§ TASK PROMPT
Copying task for the records below: reproduce each one exactly and drop the pictures.

§ RECORDS FOR PROCESSING
· · · · · · ·
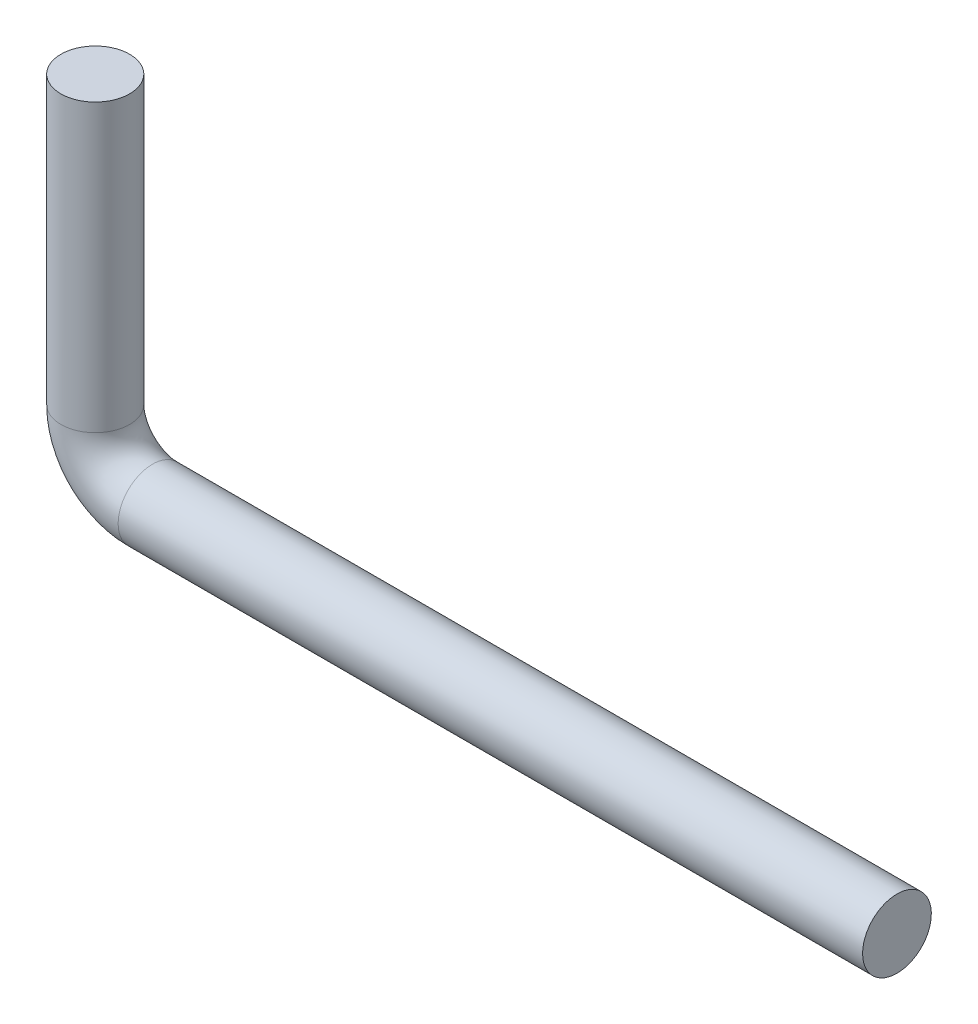
ISO-10303-21;
HEADER;
FILE_DESCRIPTION(('STEP AP214'),'2;1');
FILE_NAME('part.step','',(''),(''),'','','');
FILE_SCHEMA(('AUTOMOTIVE_DESIGN { 1 0 10303 214 1 1 1 1 }'));
ENDSEC;
DATA;
#1=APPLICATION_CONTEXT('core data for automotive mechanical design processes');
#2=APPLICATION_PROTOCOL_DEFINITION('international standard','automotive_design',2000,#1);
#3=PRODUCT_CONTEXT('',#1,'mechanical');
#4=PRODUCT('Part','Part','',(#3));
#5=PRODUCT_RELATED_PRODUCT_CATEGORY('part','',(#4));
#6=PRODUCT_DEFINITION_FORMATION('','',#4);
#7=PRODUCT_DEFINITION_CONTEXT('part definition',#1,'design');
#8=PRODUCT_DEFINITION('design','',#6,#7);
#9=PRODUCT_DEFINITION_SHAPE('','',#8);
#10=(LENGTH_UNIT() NAMED_UNIT(*) SI_UNIT(.MILLI.,.METRE.));
#11=(NAMED_UNIT(*) PLANE_ANGLE_UNIT() SI_UNIT($,.RADIAN.));
#12=(NAMED_UNIT(*) SI_UNIT($,.STERADIAN.) SOLID_ANGLE_UNIT());
#13=UNCERTAINTY_MEASURE_WITH_UNIT(LENGTH_MEASURE(1.E-05),#10,'distance_accuracy_value','');
#14=(GEOMETRIC_REPRESENTATION_CONTEXT(3) GLOBAL_UNCERTAINTY_ASSIGNED_CONTEXT((#13)) GLOBAL_UNIT_ASSIGNED_CONTEXT((#10,
#11,#12)) REPRESENTATION_CONTEXT('',''));
#15=CARTESIAN_POINT('',(0.,0.,0.));
#16=DIRECTION('',(0.,0.,1.));
#17=DIRECTION('',(1.,0.,0.));
#18=AXIS2_PLACEMENT_3D('',#15,#16,#17);
#19=CARTESIAN_POINT('',(0.,60.,0.));
#20=DIRECTION('',(0.,1.,0.));
#21=DIRECTION('',(0.,0.,1.));
#22=AXIS2_PLACEMENT_3D('',#19,#20,#21);
#23=PLANE('',#22);
#24=CARTESIAN_POINT('',(0.,60.,0.));
#25=DIRECTION('',(0.,1.,0.));
#26=DIRECTION('',(0.,0.,1.));
#27=AXIS2_PLACEMENT_3D('',#24,#25,#26);
#28=CIRCLE('',#27,6.);
#29=CARTESIAN_POINT('',(0.,60.,6.));
#30=VERTEX_POINT('',#29);
#31=EDGE_CURVE('E54',#30,#30,#28,.T.);
#32=ORIENTED_EDGE('',*,*,#31,.T.);
#33=EDGE_LOOP('',(#32));
#34=FACE_BOUND('',#33,.T.);
#35=ADVANCED_FACE('F37',(#34),#23,.T.);
#36=CARTESIAN_POINT('',(140.,0.,0.));
#37=DIRECTION('',(-1.,0.,0.));
#38=DIRECTION('',(0.,0.,1.));
#39=AXIS2_PLACEMENT_3D('',#36,#37,#38);
#40=PLANE('',#39);
#41=CARTESIAN_POINT('',(140.,0.,0.));
#42=DIRECTION('',(-1.,0.,0.));
#43=DIRECTION('',(0.,0.,1.));
#44=AXIS2_PLACEMENT_3D('',#41,#42,#43);
#45=CIRCLE('',#44,6.);
#46=CARTESIAN_POINT('',(140.,0.,6.));
#47=VERTEX_POINT('',#46);
#48=EDGE_CURVE('E10',#47,#47,#45,.T.);
#49=ORIENTED_EDGE('',*,*,#48,.F.);
#50=EDGE_LOOP('',(#49));
#51=FACE_BOUND('',#50,.T.);
#52=ADVANCED_FACE('F65',(#51),#40,.F.);
#53=CARTESIAN_POINT('',(0.,60.,0.));
#54=DIRECTION('',(0.,-1.,0.));
#55=DIRECTION('',(0.,0.,-1.));
#56=AXIS2_PLACEMENT_3D('',#53,#54,#55);
#57=CYLINDRICAL_SURFACE('',#56,6.);
#58=CARTESIAN_POINT('',(0.,10.0000000000001,0.));
#59=DIRECTION('',(0.,1.,0.));
#60=DIRECTION('',(0.,0.,1.));
#61=AXIS2_PLACEMENT_3D('',#58,#59,#60);
#62=CIRCLE('',#61,6.);
#63=CARTESIAN_POINT('',(-6.00000000000044,10.0000000000001,0.));
#64=VERTEX_POINT('',#63);
#65=EDGE_CURVE('E49',#64,#64,#62,.T.);
#66=ORIENTED_EDGE('',*,*,#65,.T.);
#67=EDGE_LOOP('',(#66));
#68=FACE_BOUND('',#67,.T.);
#69=ORIENTED_EDGE('',*,*,#31,.F.);
#70=EDGE_LOOP('',(#69));
#71=FACE_BOUND('',#70,.T.);
#72=ADVANCED_FACE('F62',(#68,#71),#57,.T.);
#73=CARTESIAN_POINT('',(10.,10.,0.));
#74=DIRECTION('',(0.,0.,1.));
#75=DIRECTION('',(1.,0.,0.));
#76=AXIS2_PLACEMENT_3D('',#73,#74,#75);
#77=TOROIDAL_SURFACE('',#76,10.0000000000004,6.);
#78=CARTESIAN_POINT('',(10.0000000000001,0.,0.));
#79=DIRECTION('',(-1.,0.,0.));
#80=DIRECTION('',(0.,0.,1.));
#81=AXIS2_PLACEMENT_3D('',#78,#79,#80);
#82=CIRCLE('',#81,6.);
#83=CARTESIAN_POINT('',(10.0000000000001,-6.00000000000044,0.));
#84=VERTEX_POINT('',#83);
#85=EDGE_CURVE('E44',#84,#84,#82,.T.);
#86=CARTESIAN_POINT('',(10.,10.,0.));
#87=DIRECTION('',(0.,0.,1.));
#88=DIRECTION('',(1.,0.,0.));
#89=AXIS2_PLACEMENT_3D('',#86,#87,#88);
#90=CIRCLE('',#89,16.0000000000004);
#91=EDGE_CURVE('',#64,#84,#90,.T.);
#92=ORIENTED_EDGE('',*,*,#65,.F.);
#93=ORIENTED_EDGE('',*,*,#85,.T.);
#94=ORIENTED_EDGE('',*,*,#91,.T.);
#95=ORIENTED_EDGE('',*,*,#91,.F.);
#96=EDGE_LOOP('',(#92,#94,#93,#95));
#97=FACE_BOUND('',#96,.T.);
#98=ADVANCED_FACE('F64',(#97),#77,.T.);
#99=CARTESIAN_POINT('',(10.0000000000001,0.,0.));
#100=DIRECTION('',(1.,0.,0.));
#101=DIRECTION('',(0.,0.,-1.));
#102=AXIS2_PLACEMENT_3D('',#99,#100,#101);
#103=CYLINDRICAL_SURFACE('',#102,6.);
#104=ORIENTED_EDGE('',*,*,#48,.T.);
#105=EDGE_LOOP('',(#104));
#106=FACE_BOUND('',#105,.T.);
#107=ORIENTED_EDGE('',*,*,#85,.F.);
#108=EDGE_LOOP('',(#107));
#109=FACE_BOUND('',#108,.T.);
#110=ADVANCED_FACE('F72',(#106,#109),#103,.T.);
#111=CLOSED_SHELL('',(#35,#52,#72,#98,#110));
#112=MANIFOLD_SOLID_BREP('B2',#111);
#113=ADVANCED_BREP_SHAPE_REPRESENTATION('',(#18,#112),#14);
#114=SHAPE_DEFINITION_REPRESENTATION(#9,#113);
ENDSEC;
END-ISO-10303-21;
· · · · · · ·
§ RESPONSE
ISO-10303-21;
HEADER;
FILE_DESCRIPTION(('STEP AP214'),'2;1');
FILE_NAME('part.step','',(''),(''),'','','');
FILE_SCHEMA(('AUTOMOTIVE_DESIGN { 1 0 10303 214 1 1 1 1 }'));
ENDSEC;
DATA;
#1=APPLICATION_CONTEXT('core data for automotive mechanical design processes');
#2=APPLICATION_PROTOCOL_DEFINITION('international standard','automotive_design',2000,#1);
#3=PRODUCT_CONTEXT('',#1,'mechanical');
#4=PRODUCT('Part','Part','',(#3));
#5=PRODUCT_RELATED_PRODUCT_CATEGORY('part','',(#4));
#6=PRODUCT_DEFINITION_FORMATION('','',#4);
#7=PRODUCT_DEFINITION_CONTEXT('part definition',#1,'design');
#8=PRODUCT_DEFINITION('design','',#6,#7);
#9=PRODUCT_DEFINITION_SHAPE('','',#8);
#10=(LENGTH_UNIT() NAMED_UNIT(*) SI_UNIT(.MILLI.,.METRE.));
#11=(NAMED_UNIT(*) PLANE_ANGLE_UNIT() SI_UNIT($,.RADIAN.));
#12=(NAMED_UNIT(*) SI_UNIT($,.STERADIAN.) SOLID_ANGLE_UNIT());
#13=UNCERTAINTY_MEASURE_WITH_UNIT(LENGTH_MEASURE(1.E-05),#10,'distance_accuracy_value','');
#14=(GEOMETRIC_REPRESENTATION_CONTEXT(3) GLOBAL_UNCERTAINTY_ASSIGNED_CONTEXT((#13)) GLOBAL_UNIT_ASSIGNED_CONTEXT((#10,
#11,#12)) REPRESENTATION_CONTEXT('',''));
#15=CARTESIAN_POINT('',(0.,0.,0.));
#16=DIRECTION('',(0.,0.,1.));
#17=DIRECTION('',(1.,0.,0.));
#18=AXIS2_PLACEMENT_3D('',#15,#16,#17);
#19=CARTESIAN_POINT('',(0.,60.,0.));
#20=DIRECTION('',(0.,1.,0.));
#21=DIRECTION('',(0.,0.,1.));
#22=AXIS2_PLACEMENT_3D('',#19,#20,#21);
#23=PLANE('',#22);
#24=CARTESIAN_POINT('',(0.,60.,0.));
#25=DIRECTION('',(0.,1.,0.));
#26=DIRECTION('',(0.,0.,1.));
#27=AXIS2_PLACEMENT_3D('',#24,#25,#26);
#28=CIRCLE('',#27,6.);
#29=CARTESIAN_POINT('',(0.,60.,6.));
#30=VERTEX_POINT('',#29);
#31=EDGE_CURVE('E54',#30,#30,#28,.T.);
#32=ORIENTED_EDGE('',*,*,#31,.T.);
#33=EDGE_LOOP('',(#32));
#34=FACE_BOUND('',#33,.T.);
#35=ADVANCED_FACE('F37',(#34),#23,.T.);
#36=CARTESIAN_POINT('',(140.,0.,0.));
#37=DIRECTION('',(-1.,0.,0.));
#38=DIRECTION('',(0.,0.,1.));
#39=AXIS2_PLACEMENT_3D('',#36,#37,#38);
#40=PLANE('',#39);
#41=CARTESIAN_POINT('',(140.,0.,0.));
#42=DIRECTION('',(-1.,0.,0.));
#43=DIRECTION('',(0.,0.,1.));
#44=AXIS2_PLACEMENT_3D('',#41,#42,#43);
#45=CIRCLE('',#44,6.);
#46=CARTESIAN_POINT('',(140.,0.,6.));
#47=VERTEX_POINT('',#46);
#48=EDGE_CURVE('E10',#47,#47,#45,.T.);
#49=ORIENTED_EDGE('',*,*,#48,.F.);
#50=EDGE_LOOP('',(#49));
#51=FACE_BOUND('',#50,.T.);
#52=ADVANCED_FACE('F65',(#51),#40,.F.);
#53=CARTESIAN_POINT('',(0.,60.,0.));
#54=DIRECTION('',(0.,-1.,0.));
#55=DIRECTION('',(0.,0.,-1.));
#56=AXIS2_PLACEMENT_3D('',#53,#54,#55);
#57=CYLINDRICAL_SURFACE('',#56,6.);
#58=CARTESIAN_POINT('',(0.,10.0000000000001,0.));
#59=DIRECTION('',(0.,1.,0.));
#60=DIRECTION('',(0.,0.,1.));
#61=AXIS2_PLACEMENT_3D('',#58,#59,#60);
#62=CIRCLE('',#61,6.);
#63=CARTESIAN_POINT('',(-6.00000000000044,10.0000000000001,0.));
#64=VERTEX_POINT('',#63);
#65=EDGE_CURVE('E49',#64,#64,#62,.T.);
#66=ORIENTED_EDGE('',*,*,#65,.T.);
#67=EDGE_LOOP('',(#66));
#68=FACE_BOUND('',#67,.T.);
#69=ORIENTED_EDGE('',*,*,#31,.F.);
#70=EDGE_LOOP('',(#69));
#71=FACE_BOUND('',#70,.T.);
#72=ADVANCED_FACE('F62',(#68,#71),#57,.T.);
#73=CARTESIAN_POINT('',(10.,10.,0.));
#74=DIRECTION('',(0.,0.,1.));
#75=DIRECTION('',(1.,0.,0.));
#76=AXIS2_PLACEMENT_3D('',#73,#74,#75);
#77=TOROIDAL_SURFACE('',#76,10.0000000000004,6.);
#78=CARTESIAN_POINT('',(10.0000000000001,0.,0.));
#79=DIRECTION('',(-1.,0.,0.));
#80=DIRECTION('',(0.,0.,1.));
#81=AXIS2_PLACEMENT_3D('',#78,#79,#80);
#82=CIRCLE('',#81,6.);
#83=CARTESIAN_POINT('',(10.0000000000001,-6.00000000000044,0.));
#84=VERTEX_POINT('',#83);
#85=EDGE_CURVE('E44',#84,#84,#82,.T.);
#86=CARTESIAN_POINT('',(10.,10.,0.));
#87=DIRECTION('',(0.,0.,1.));
#88=DIRECTION('',(1.,0.,0.));
#89=AXIS2_PLACEMENT_3D('',#86,#87,#88);
#90=CIRCLE('',#89,16.0000000000004);
#91=EDGE_CURVE('',#64,#84,#90,.T.);
#92=ORIENTED_EDGE('',*,*,#65,.F.);
#93=ORIENTED_EDGE('',*,*,#85,.T.);
#94=ORIENTED_EDGE('',*,*,#91,.T.);
#95=ORIENTED_EDGE('',*,*,#91,.F.);
#96=EDGE_LOOP('',(#92,#94,#93,#95));
#97=FACE_BOUND('',#96,.T.);
#98=ADVANCED_FACE('F64',(#97),#77,.T.);
#99=CARTESIAN_POINT('',(10.0000000000001,0.,0.));
#100=DIRECTION('',(1.,0.,0.));
#101=DIRECTION('',(0.,0.,-1.));
#102=AXIS2_PLACEMENT_3D('',#99,#100,#101);
#103=CYLINDRICAL_SURFACE('',#102,6.);
#104=ORIENTED_EDGE('',*,*,#48,.T.);
#105=EDGE_LOOP('',(#104));
#106=FACE_BOUND('',#105,.T.);
#107=ORIENTED_EDGE('',*,*,#85,.F.);
#108=EDGE_LOOP('',(#107));
#109=FACE_BOUND('',#108,.T.);
#110=ADVANCED_FACE('F72',(#106,#109),#103,.T.);
#111=CLOSED_SHELL('',(#35,#52,#72,#98,#110));
#112=MANIFOLD_SOLID_BREP('B2',#111);
#113=ADVANCED_BREP_SHAPE_REPRESENTATION('',(#18,#112),#14);
#114=SHAPE_DEFINITION_REPRESENTATION(#9,#113);
ENDSEC;
END-ISO-10303-21;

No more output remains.